Include at least a 1-paragraph discussion about the plot. Discuss what you are plotting and what trends can be seen throughout the animation. Discuss any issues, if any, you ran into in making the plot and how you overcame them.

# data sourced from
# https://www.ers.usda.gov/data-products/feed-grains-database/feed-grains-yearbook-tables


library(plotly)
library(RColorBrewer)

grains <- read.csv("USDA_Feed_Grains_Yearbook_Data_Tables.csv")

grains %>% 
  filter(Commodity_Year >= 1929) %>% 
  mutate( Production_Bushels = Production_Bushels_Millions * 1000000) %>% 
  plot_ly(x = ~Harvested_Acres_Millions, y = ~Production_Bushels,
          hoverinfo = "text",
          text = ~paste("Grain:", Grain_type,
                        "<br> Harvested Acres:", format(Harvested_Acres_Millions*1000000, big.mark = ",", scientific = FALSE),
                        "<br> Bushels Produced:", format(Production_Bushels, big.mark = ",", scientific = FALSE),
                        "<br> Bushels Per Acre:", Bushels_Per_Acre)
          ) %>% 
  add_markers(frame = ~Commodity_Year,
              ids = ~Grain_type,
              size = ~Bushels_Per_Acre,
              marker = list(sizemode = "diameter",
                            sizeref = 2,
                            sizemin = 3
                            ),
              color = ~Grain_type,
              colors = brewer.pal(4,"Set1")
              ) %>% 
  layout(
      title = list(text = "Grain Yields by Harvested Acres (1929-2024)<br><sup>USDA Feed Grains Database</sup>"),
      xaxis = list(title = list(text = "Harvested Acres (Millions)")),
      yaxis = list(type = "log",
                   title = list(text = "Bushels Produced"))
        ) %>% 
  animation_slider(currentvalue = list(prefix = FALSE,
                                       font = list(color = "darkred", size = 35))
                   )

Discussion:

The plot shows the historical harvest yields of feed grains in the USA from 1929 through 2024 for Barley, Corn, Oats, and Sorghum. This data was sourced from: USDA Feed Grains Database (Table 1) and formatted in Excel for a cleaner upload. With the amount of acres harvested (in millions) on the x-axis, the amount of bushels produced on the y-axis, and the size of the point linked to the yield per acre, we observe several patterns:

  1. The amount of land dedicated to corn in 2024 is roughly the same now as it was nearly 100 years ago. It reached its minimum value in the mid-1960’s, and has rebounded through current day, all the while total production was increasing almost every year due to the increasing amount harvested per acre.
  2. Over time, the diversity of crop plantings have diminished.
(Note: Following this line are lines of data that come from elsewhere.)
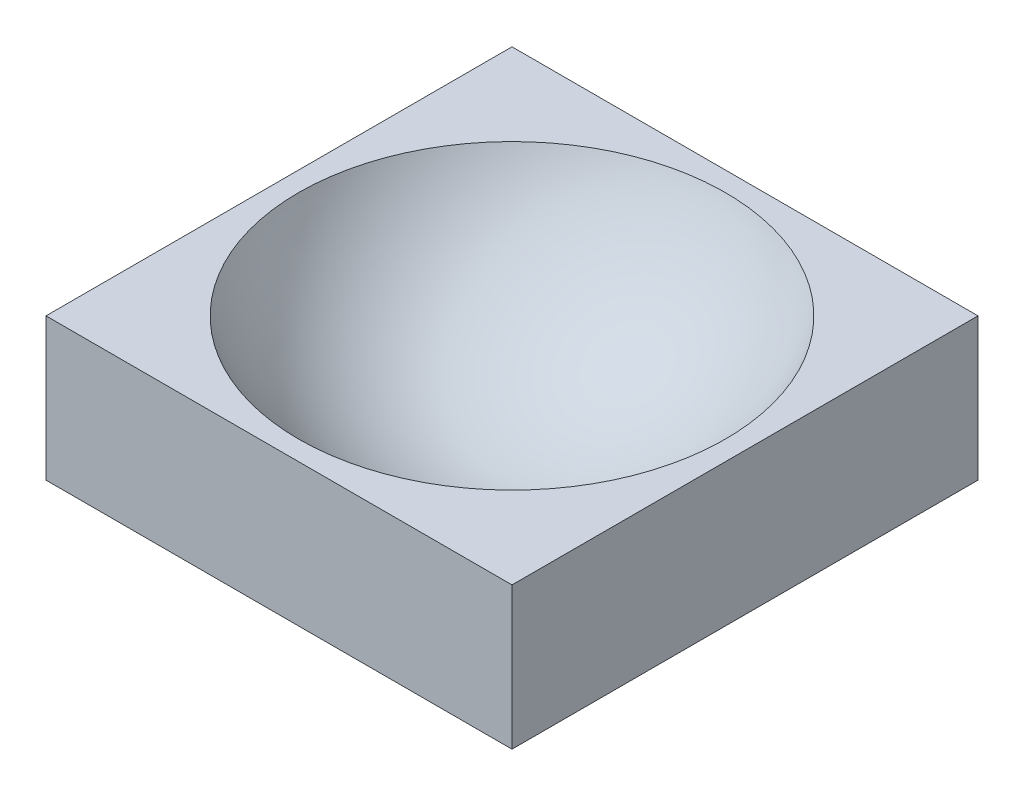
ISO-10303-21;
HEADER;
FILE_DESCRIPTION(('STEP AP214'),'2;1');
FILE_NAME('part.step','',(''),(''),'','','');
FILE_SCHEMA(('AUTOMOTIVE_DESIGN { 1 0 10303 214 1 1 1 1 }'));
ENDSEC;
DATA;
#1=APPLICATION_CONTEXT('core data for automotive mechanical design processes');
#2=APPLICATION_PROTOCOL_DEFINITION('international standard','automotive_design',2000,#1);
#3=PRODUCT_CONTEXT('',#1,'mechanical');
#4=PRODUCT('Part','Part','',(#3));
#5=PRODUCT_RELATED_PRODUCT_CATEGORY('part','',(#4));
#6=PRODUCT_DEFINITION_FORMATION('','',#4);
#7=PRODUCT_DEFINITION_CONTEXT('part definition',#1,'design');
#8=PRODUCT_DEFINITION('design','',#6,#7);
#9=PRODUCT_DEFINITION_SHAPE('','',#8);
#10=(LENGTH_UNIT() NAMED_UNIT(*) SI_UNIT(.MILLI.,.METRE.));
#11=(NAMED_UNIT(*) PLANE_ANGLE_UNIT() SI_UNIT($,.RADIAN.));
#12=(NAMED_UNIT(*) SI_UNIT($,.STERADIAN.) SOLID_ANGLE_UNIT());
#13=UNCERTAINTY_MEASURE_WITH_UNIT(LENGTH_MEASURE(1.E-05),#10,'distance_accuracy_value','');
#14=(GEOMETRIC_REPRESENTATION_CONTEXT(3) GLOBAL_UNCERTAINTY_ASSIGNED_CONTEXT((#13)) GLOBAL_UNIT_ASSIGNED_CONTEXT((#10,
#11,#12)) REPRESENTATION_CONTEXT('',''));
#15=CARTESIAN_POINT('',(0.,0.,0.));
#16=DIRECTION('',(0.,0.,1.));
#17=DIRECTION('',(1.,0.,0.));
#18=AXIS2_PLACEMENT_3D('',#15,#16,#17);
#19=CARTESIAN_POINT('',(119.15,72.7666666666667,-119.15));
#20=DIRECTION('',(-1.,0.,0.));
#21=DIRECTION('',(0.,0.,1.));
#22=AXIS2_PLACEMENT_3D('',#19,#20,#21);
#23=PLANE('',#22);
#24=DIRECTION('',(0.,0.,-1.));
#25=VECTOR('',#24,1.);
#26=CARTESIAN_POINT('',(119.15,0.,-119.15));
#27=LINE('',#26,#25);
#28=CARTESIAN_POINT('',(119.15,0.,119.15));
#29=VERTEX_POINT('',#28);
#30=CARTESIAN_POINT('',(119.15,0.,-119.15));
#31=VERTEX_POINT('',#30);
#32=EDGE_CURVE('E100',#29,#31,#27,.T.);
#33=ORIENTED_EDGE('',*,*,#32,.T.);
#34=DIRECTION('',(0.,-1.,0.));
#35=VECTOR('',#34,1.);
#36=CARTESIAN_POINT('',(119.15,72.7666666666667,-119.15));
#37=LINE('',#36,#35);
#38=CARTESIAN_POINT('',(119.15,72.7666666666667,-119.15));
#39=VERTEX_POINT('',#38);
#40=EDGE_CURVE('E11',#39,#31,#37,.T.);
#41=ORIENTED_EDGE('',*,*,#40,.F.);
#42=DIRECTION('',(0.,0.,-1.));
#43=VECTOR('',#42,1.);
#44=CARTESIAN_POINT('',(119.15,72.7666666666667,-119.15));
#45=LINE('',#44,#43);
#46=CARTESIAN_POINT('',(119.15,72.7666666666667,119.15));
#47=VERTEX_POINT('',#46);
#48=EDGE_CURVE('E88',#47,#39,#45,.T.);
#49=ORIENTED_EDGE('',*,*,#48,.F.);
#50=DIRECTION('',(0.,-1.,0.));
#51=VECTOR('',#50,1.);
#52=CARTESIAN_POINT('',(119.15,72.7666666666667,119.15));
#53=LINE('',#52,#51);
#54=EDGE_CURVE('E96',#47,#29,#53,.T.);
#55=ORIENTED_EDGE('',*,*,#54,.T.);
#56=EDGE_LOOP('',(#33,#41,#49,#55));
#57=FACE_BOUND('',#56,.T.);
#58=ADVANCED_FACE('F37',(#57),#23,.F.);
#59=CARTESIAN_POINT('',(119.15,72.7666666666667,-119.15));
#60=DIRECTION('',(0.,0.,1.));
#61=DIRECTION('',(1.,0.,0.));
#62=AXIS2_PLACEMENT_3D('',#59,#60,#61);
#63=PLANE('',#62);
#64=DIRECTION('',(-1.,0.,0.));
#65=VECTOR('',#64,1.);
#66=CARTESIAN_POINT('',(119.15,0.,-119.15));
#67=LINE('',#66,#65);
#68=CARTESIAN_POINT('',(-119.15,0.,-119.15));
#69=VERTEX_POINT('',#68);
#70=EDGE_CURVE('E92',#31,#69,#67,.T.);
#71=ORIENTED_EDGE('',*,*,#70,.T.);
#72=DIRECTION('',(0.,-1.,0.));
#73=VECTOR('',#72,1.);
#74=CARTESIAN_POINT('',(-119.15,72.7666666666667,-119.15));
#75=LINE('',#74,#73);
#76=CARTESIAN_POINT('',(-119.15,72.7666666666667,-119.15));
#77=VERTEX_POINT('',#76);
#78=EDGE_CURVE('E45',#77,#69,#75,.T.);
#79=ORIENTED_EDGE('',*,*,#78,.F.);
#80=DIRECTION('',(-1.,0.,0.));
#81=VECTOR('',#80,1.);
#82=CARTESIAN_POINT('',(119.15,72.7666666666667,-119.15));
#83=LINE('',#82,#81);
#84=EDGE_CURVE('E83',#39,#77,#83,.T.);
#85=ORIENTED_EDGE('',*,*,#84,.F.);
#86=ORIENTED_EDGE('',*,*,#40,.T.);
#87=EDGE_LOOP('',(#71,#79,#85,#86));
#88=FACE_BOUND('',#87,.T.);
#89=ADVANCED_FACE('F91',(#88),#63,.F.);
#90=CARTESIAN_POINT('',(-119.15,72.7666666666667,-119.15));
#91=DIRECTION('',(1.,0.,0.));
#92=DIRECTION('',(0.,0.,-1.));
#93=AXIS2_PLACEMENT_3D('',#90,#91,#92);
#94=PLANE('',#93);
#95=DIRECTION('',(0.,0.,1.));
#96=VECTOR('',#95,1.);
#97=CARTESIAN_POINT('',(-119.15,0.,-119.15));
#98=LINE('',#97,#96);
#99=CARTESIAN_POINT('',(-119.15,0.,119.15));
#100=VERTEX_POINT('',#99);
#101=EDGE_CURVE('E70',#69,#100,#98,.T.);
#102=ORIENTED_EDGE('',*,*,#101,.T.);
#103=DIRECTION('',(0.,-1.,0.));
#104=VECTOR('',#103,1.);
#105=CARTESIAN_POINT('',(-119.15,72.7666666666667,119.15));
#106=LINE('',#105,#104);
#107=CARTESIAN_POINT('',(-119.15,72.7666666666667,119.15));
#108=VERTEX_POINT('',#107);
#109=EDGE_CURVE('E93',#108,#100,#106,.T.);
#110=ORIENTED_EDGE('',*,*,#109,.F.);
#111=DIRECTION('',(0.,0.,1.));
#112=VECTOR('',#111,1.);
#113=CARTESIAN_POINT('',(-119.15,72.7666666666667,-119.15));
#114=LINE('',#113,#112);
#115=EDGE_CURVE('E86',#77,#108,#114,.T.);
#116=ORIENTED_EDGE('',*,*,#115,.F.);
#117=ORIENTED_EDGE('',*,*,#78,.T.);
#118=EDGE_LOOP('',(#102,#110,#116,#117));
#119=FACE_BOUND('',#118,.T.);
#120=ADVANCED_FACE('F94',(#119),#94,.F.);
#121=CARTESIAN_POINT('',(119.15,72.7666666666667,119.15));
#122=DIRECTION('',(0.,0.,-1.));
#123=DIRECTION('',(-1.,0.,0.));
#124=AXIS2_PLACEMENT_3D('',#121,#122,#123);
#125=PLANE('',#124);
#126=DIRECTION('',(1.,0.,0.));
#127=VECTOR('',#126,1.);
#128=CARTESIAN_POINT('',(119.15,0.,119.15));
#129=LINE('',#128,#127);
#130=EDGE_CURVE('E76',#100,#29,#129,.T.);
#131=ORIENTED_EDGE('',*,*,#130,.T.);
#132=ORIENTED_EDGE('',*,*,#54,.F.);
#133=DIRECTION('',(1.,0.,0.));
#134=VECTOR('',#133,1.);
#135=CARTESIAN_POINT('',(119.15,72.7666666666667,119.15));
#136=LINE('',#135,#134);
#137=EDGE_CURVE('E53',#108,#47,#136,.T.);
#138=ORIENTED_EDGE('',*,*,#137,.F.);
#139=ORIENTED_EDGE('',*,*,#109,.T.);
#140=EDGE_LOOP('',(#131,#132,#138,#139));
#141=FACE_BOUND('',#140,.T.);
#142=ADVANCED_FACE('F108',(#141),#125,.F.);
#143=CARTESIAN_POINT('',(0.,72.7666666666667,0.));
#144=DIRECTION('',(0.,-1.,0.));
#145=DIRECTION('',(0.,0.,-1.));
#146=AXIS2_PLACEMENT_3D('',#143,#144,#145);
#147=PLANE('',#146);
#148=CARTESIAN_POINT('',(0.,72.7666666666667,0.));
#149=DIRECTION('',(0.,1.,0.));
#150=DIRECTION('',(0.,0.,1.));
#151=AXIS2_PLACEMENT_3D('',#148,#149,#150);
#152=CIRCLE('',#151,109.15);
#153=CARTESIAN_POINT('',(0.,72.7666666666667,109.15));
#154=VERTEX_POINT('',#153);
#155=EDGE_CURVE('E103',#154,#154,#152,.T.);
#156=ORIENTED_EDGE('',*,*,#155,.F.);
#157=EDGE_LOOP('',(#156));
#158=FACE_BOUND('',#157,.T.);
#159=ORIENTED_EDGE('',*,*,#48,.T.);
#160=ORIENTED_EDGE('',*,*,#84,.T.);
#161=ORIENTED_EDGE('',*,*,#115,.T.);
#162=ORIENTED_EDGE('',*,*,#137,.T.);
#163=EDGE_LOOP('',(#159,#160,#161,#162));
#164=FACE_BOUND('',#163,.T.);
#165=ADVANCED_FACE('F84',(#158,#164),#147,.F.);
#166=CARTESIAN_POINT('',(0.,0.,0.));
#167=DIRECTION('',(0.,-1.,0.));
#168=DIRECTION('',(0.,0.,-1.));
#169=AXIS2_PLACEMENT_3D('',#166,#167,#168);
#170=PLANE('',#169);
#171=ORIENTED_EDGE('',*,*,#32,.F.);
#172=ORIENTED_EDGE('',*,*,#130,.F.);
#173=ORIENTED_EDGE('',*,*,#101,.F.);
#174=ORIENTED_EDGE('',*,*,#70,.F.);
#175=EDGE_LOOP('',(#171,#172,#173,#174));
#176=FACE_BOUND('',#175,.T.);
#177=ADVANCED_FACE('F111',(#176),#170,.T.);
#178=CARTESIAN_POINT('',(0.,119.15,0.));
#179=DIRECTION('',(0.,1.,0.));
#180=DIRECTION('',(-1.,0.,0.));
#181=AXIS2_PLACEMENT_3D('',#178,#179,#180);
#182=SPHERICAL_SURFACE('',#181,118.596526555844);
#183=ORIENTED_EDGE('',*,*,#155,.T.);
#184=EDGE_LOOP('',(#183));
#185=FACE_BOUND('',#184,.T.);
#186=ADVANCED_FACE('F117',(#185),#182,.F.);
#187=CLOSED_SHELL('',(#58,#89,#120,#142,#165,#177,#186));
#188=MANIFOLD_SOLID_BREP('B2',#187);
#189=ADVANCED_BREP_SHAPE_REPRESENTATION('',(#18,#188),#14);
#190=SHAPE_DEFINITION_REPRESENTATION(#9,#189);
ENDSEC;
END-ISO-10303-21;

Corn has taken over as the most-farmed grain at the expense of the other feed grains.
  3. All crops yield more per acre over time regardless of total acres planted. This is likely due to changing farming practices over time.

The data behind this chart had older history; however, sorghum wasn’t added to the database until 1929, so I decided to start at that point. This allowed both Sorghum to be included as well as to not make the animation longer than necessary. Over time, corn’s dominance made the graph hard to visualize, so a log scale was used to better visualize all data points concurrently with the y-axis. Additionally, coding marker size to yield per acre necessitated playing with marker size options to emphasize how much yields have changed over time. I started with an “area” fill and moved to a “diameter” fill to better convey this information.